“Drop it!”
Buddy Lee glanced back over his shoulder. Two deputies were standing behind him with their hands on their guns. Buddy Lee dropped the bat. It clattered against the Italian marble that covered the floor.
“Thank God for white privilege,” Buddy Lee said under his breath.
He launched himself at Christine and Gerald. Gerald pushed his wife at Buddy Lee. Buddy Lee swatted her aside and grabbed the butcher knife in Gerald’s hand by the blade with his right hand. He punched Gerald in the face with his left. The second his knuckles connected with that lantern-sized jaw was the happiest moment Buddy Lee had experienced in months. Even as strong arms snaked around his body, he kept hitting Gerald. He wrenched the knife from his hand and let it fall to the floor. Blood flowed from his sliced palm and rained down on the tile. When he was out of arm’s reach Buddy Lee kicked at Gerald’s face. The deputies struggled to get him down to the ground.
“He killed my boy! He killed my boy! My boy! My boy!” Buddy Lee screamed until his words ran together and became an unintelligible song of sorrow.
* * *
Buddy Lee leaned back against the cold cinder blocks that lined the holding cell. They had bandaged his hand and tossed him in the tank an hour ago. It was a weekend so there were a lot of drunks sharing the twenty-by-twenty space with him—a few raggedy-faced boys who were in the throes of opioid addiction and one quiet fella that seemed primed to burst into tears at any minute.
It was like the good ol’ days all over again. He probably wouldn’t get bail, or if he did, it would be so high he’d have to climb on a table to pay it. He was looking at least a couple of felonies. Add to that his past convictions, he could be looking at real time.
He’d failed. Failed Derek. Failed Isiah. Failed Ike. Failed Mya. Failed Arianna. He was what he had always been. A fuckup.
“Jenkins.” A deputy with a face made for radio said. Buddy Lee squinted at him.
“Yeah.”
“Get up. Somebody wants to talk,” the deputy said. Buddy Lee didn’t move. Who the hell wanted to talk to him?
“Who is it?” he asked.
“Get your ass up, or do we have to come and put you in the chair?” The deputy asked. The “chair” was a four-way restraint device for unruly prisoners. Buddy Lee had been in the chair once. He didn’t seek another ride on that particular conveyance. He stood up and faced the wall. Two deputies joined Hatchet Face. They handcuffed him before leading him out of the cell. They led him down an antiseptic white hallway lit by a series of flickering fluorescent lights. They came to a room marked LAWYER with black letters on a gold background. Hatchet Face opened the door, and the deputies guided him into the cool narrow room. Strong hands pushed him down into a chair. They uncuffed his right hand and looped the empty cuff to a ring on the underside of the table.

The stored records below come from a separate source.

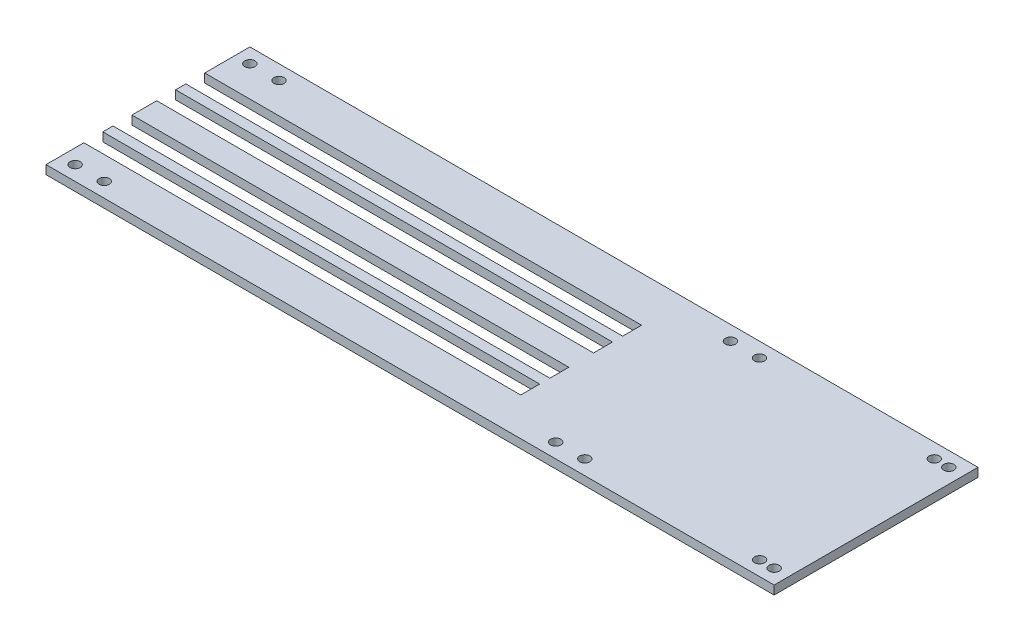
from build123d import *

# Parameters (mm, degrees)
BOSS_EXTRUDE1_DEPTH = 3
SKETCH2_R           = 1.75
CUT_EXTRUDE1_DEPTH  = 10
SKETCH3_R           = 1.75
CUT_EXTRUDE2_DEPTH  = 10


with BuildPart() as part:
    # Sketch1 → Boss-Extrude1 (new body)
    with BuildSketch(Plane(origin=(0, 0, 0), x_dir=(1, 0, 0), z_dir=(0, 1, 0))):
        Polygon((-150, 29.5), (0, 29.5), (0, 23), (-150, 23), (-150, 19.5), (0, 19.5), (0, 13), (-150, 13), (-150, 0), (0, 0), (100, 0), (100, 70), (-50, 70), (-150, 70), (-150, 54.5), (0, 54.5), (0, 48), (-150, 48), (-150, 44.5), (0, 44.5), (0, 38), (-150, 38), align=None)
    extrude(amount=BOSS_EXTRUDE1_DEPTH)

    # Sketch2 → Cut-Extrude1 (cut)
    with BuildSketch(Plane(origin=(0, 3, 0), x_dir=(1, 0, 0), z_dir=(0, 1, 0))):
        with Locations(Location((-145, 65, 0), (0, 0, 270))):
            Circle(SKETCH2_R)
        with Locations(Location((-135, 65, 0), (0, 0, 270))):
            Circle(SKETCH2_R)
        with Locations(Location((20, 65, 0), (0, 0, 270))):
            Circle(SKETCH2_R)
        with Locations(Location((30, 65, 0), (0, 0, 270))):
            Circle(SKETCH2_R)
    cut_extrude1 = extrude(amount=-CUT_EXTRUDE1_DEPTH, mode=Mode.SUBTRACT)

    # Sketch3 → Cut-Extrude2 (cut)
    with BuildSketch(Plane(origin=(0, 3, 0), x_dir=(1, 0, 0), z_dir=(0, 1, 0))):
        with Locations(Location((95, 65, 0), (0, 0, 270))):
            Circle(SKETCH3_R)
        with Locations(Location((90, 65, 0), (0, 0, 270))):
            Circle(SKETCH3_R)
    cut_extrude2 = extrude(amount=-CUT_EXTRUDE2_DEPTH, mode=Mode.SUBTRACT)

    # Mirror1: Cut-Extrude1, Cut-Extrude2 across plane
    add(cut_extrude1.mirror(Plane(origin=(0, 0, -35), x_dir=(1, 0, 0), z_dir=(0, 0, -1))), mode=Mode.SUBTRACT)
    add(cut_extrude2.mirror(Plane(origin=(0, 0, -35), x_dir=(1, 0, 0), z_dir=(0, 0, -1))), mode=Mode.SUBTRACT)


solid = part.part
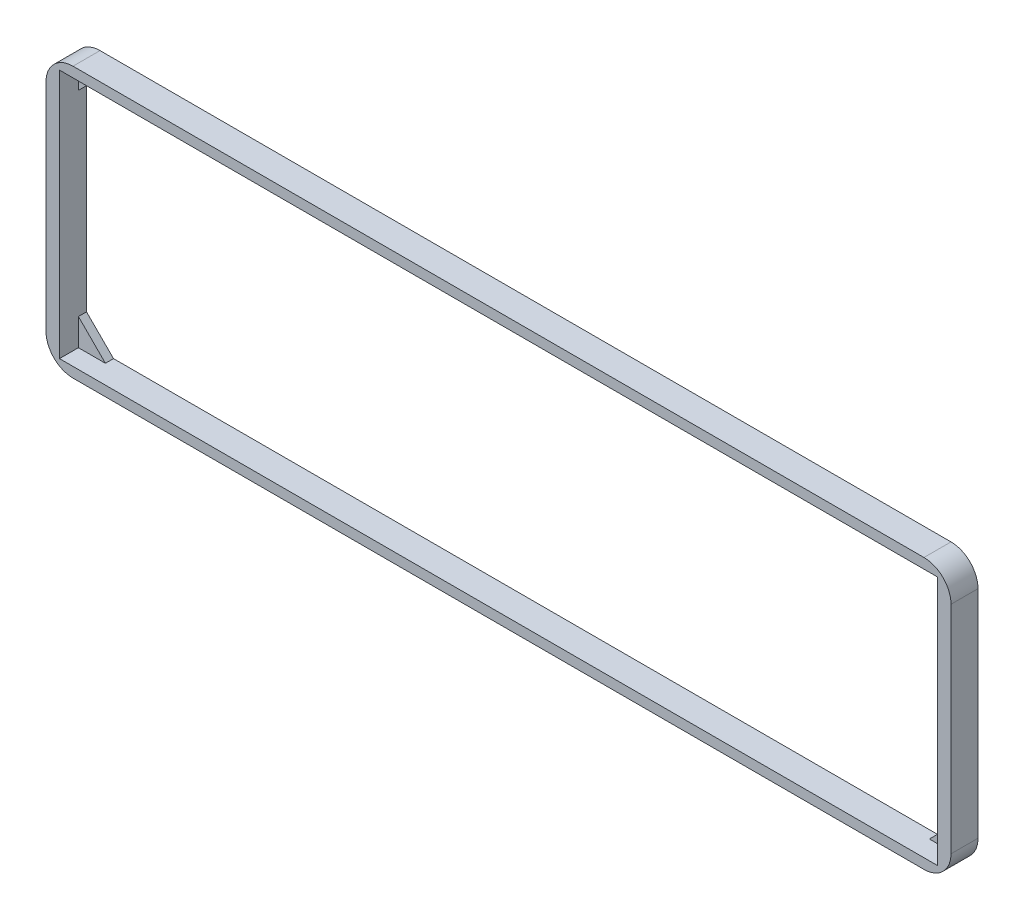
from build123d import *

# Parameters (mm, degrees)
SKETCH1_W           = 335
SKETCH1_H           = 100
SKETCH1_W_2         = 325
SKETCH1_H_2         = 92.5
BOSS_EXTRUDE1_DEPTH = 10
FILLET1_R           = 10
BOSS_EXTRUDE2_DEPTH = 3


with BuildPart() as part:
    # Sketch1 → Boss-Extrude1 (new body)
    with BuildSketch(Plane.XY):
        Rectangle(SKETCH1_W, SKETCH1_H)
        Rectangle(SKETCH1_W_2, SKETCH1_H_2, mode=Mode.SUBTRACT)
    extrude(amount=-BOSS_EXTRUDE1_DEPTH)

    # Fillet1
    fillet1_edges = [part.edges().sort_by_distance(p)[0] for p in [
        (167.5, -50, -5),
        (-167.5, -50, -5),
        (-167.5, 50, -5),
        (167.5, 50, -5),
    ]]
    fillet(fillet1_edges, radius=FILLET1_R)

    # Sketch2 → Boss-Extrude2 (add)
    with BuildSketch(Plane(origin=(0, 0, -10), x_dir=(-1, 0, 0), z_dir=(0, 0, -1))):
        Polygon((-162.5, -46.25), (-162.5, -36.25), (-152.5, -46.25), align=None)
        Polygon((-162.5, 46.25), (-152.5, 46.25), (-162.5, 36.25), align=None)
        Polygon((162.5, 46.25), (152.5, 46.25), (162.5, 36.25), align=None)
        Polygon((162.5, -46.25), (162.5, -36.25), (152.5, -46.25), align=None)
    extrude(amount=-BOSS_EXTRUDE2_DEPTH)


solid = part.part

“Who wants to talk to me?” Buddy Lee asked. The deputies didn’t respond. They slipped out without closing the door.
“We need to have a conversation, Mr. Jenkins,” Gerald said as he walked into the room.
THIRTY-EIGHT
Buddy Lee tried to jump up out of his chair, but the handcuff caught him short. He sat back down as Gerald closed the door behind him. He walked to the other side of the metal table and pulled the chair back just far enough to stay out of Buddy Lee’s reach.
“It has always bewildered me why these tables are bolted to the floor but the chairs aren’t. This room is supposed to be where defendants meet their attorneys. If you are that angry at your advocate that you would hit him or her with a table, you probably are guilty as sin,” Gerald said. He smiled at Buddy Lee. A purplish welt had sprung up on Gerald’s chin. Another one was located just above his eye.
“You killed my boy,” Buddy Lee said. He instinctively wrenched his handcuffed arm.
“Buddy, you need to listen to me.”
“You killed my son,” Buddy Lee seethed. Gerald shook his head. To an observer it would have appeared to be an empathetic gesture.
“Buddy, we have to approach this like adults,” Gerald said.
“I’m gonna cut your dick off and make you eat it,” Buddy Lee said. Gerald leaned forward and put his hands on his knees. He wasn’t smiling.
“This room doesn’t have any recording or video equipment, so we can speak frankly. My associates have the girl. Your granddaughter. You know where Tangerine is. They will contact you when you get out of here and arrange the details of the trade. You and Mr. Randolph will bring Tangerine to a location of our choosing. You will do as you’re told or I’ll have my associates chop that girl into bite-size pieces,” Gerald said.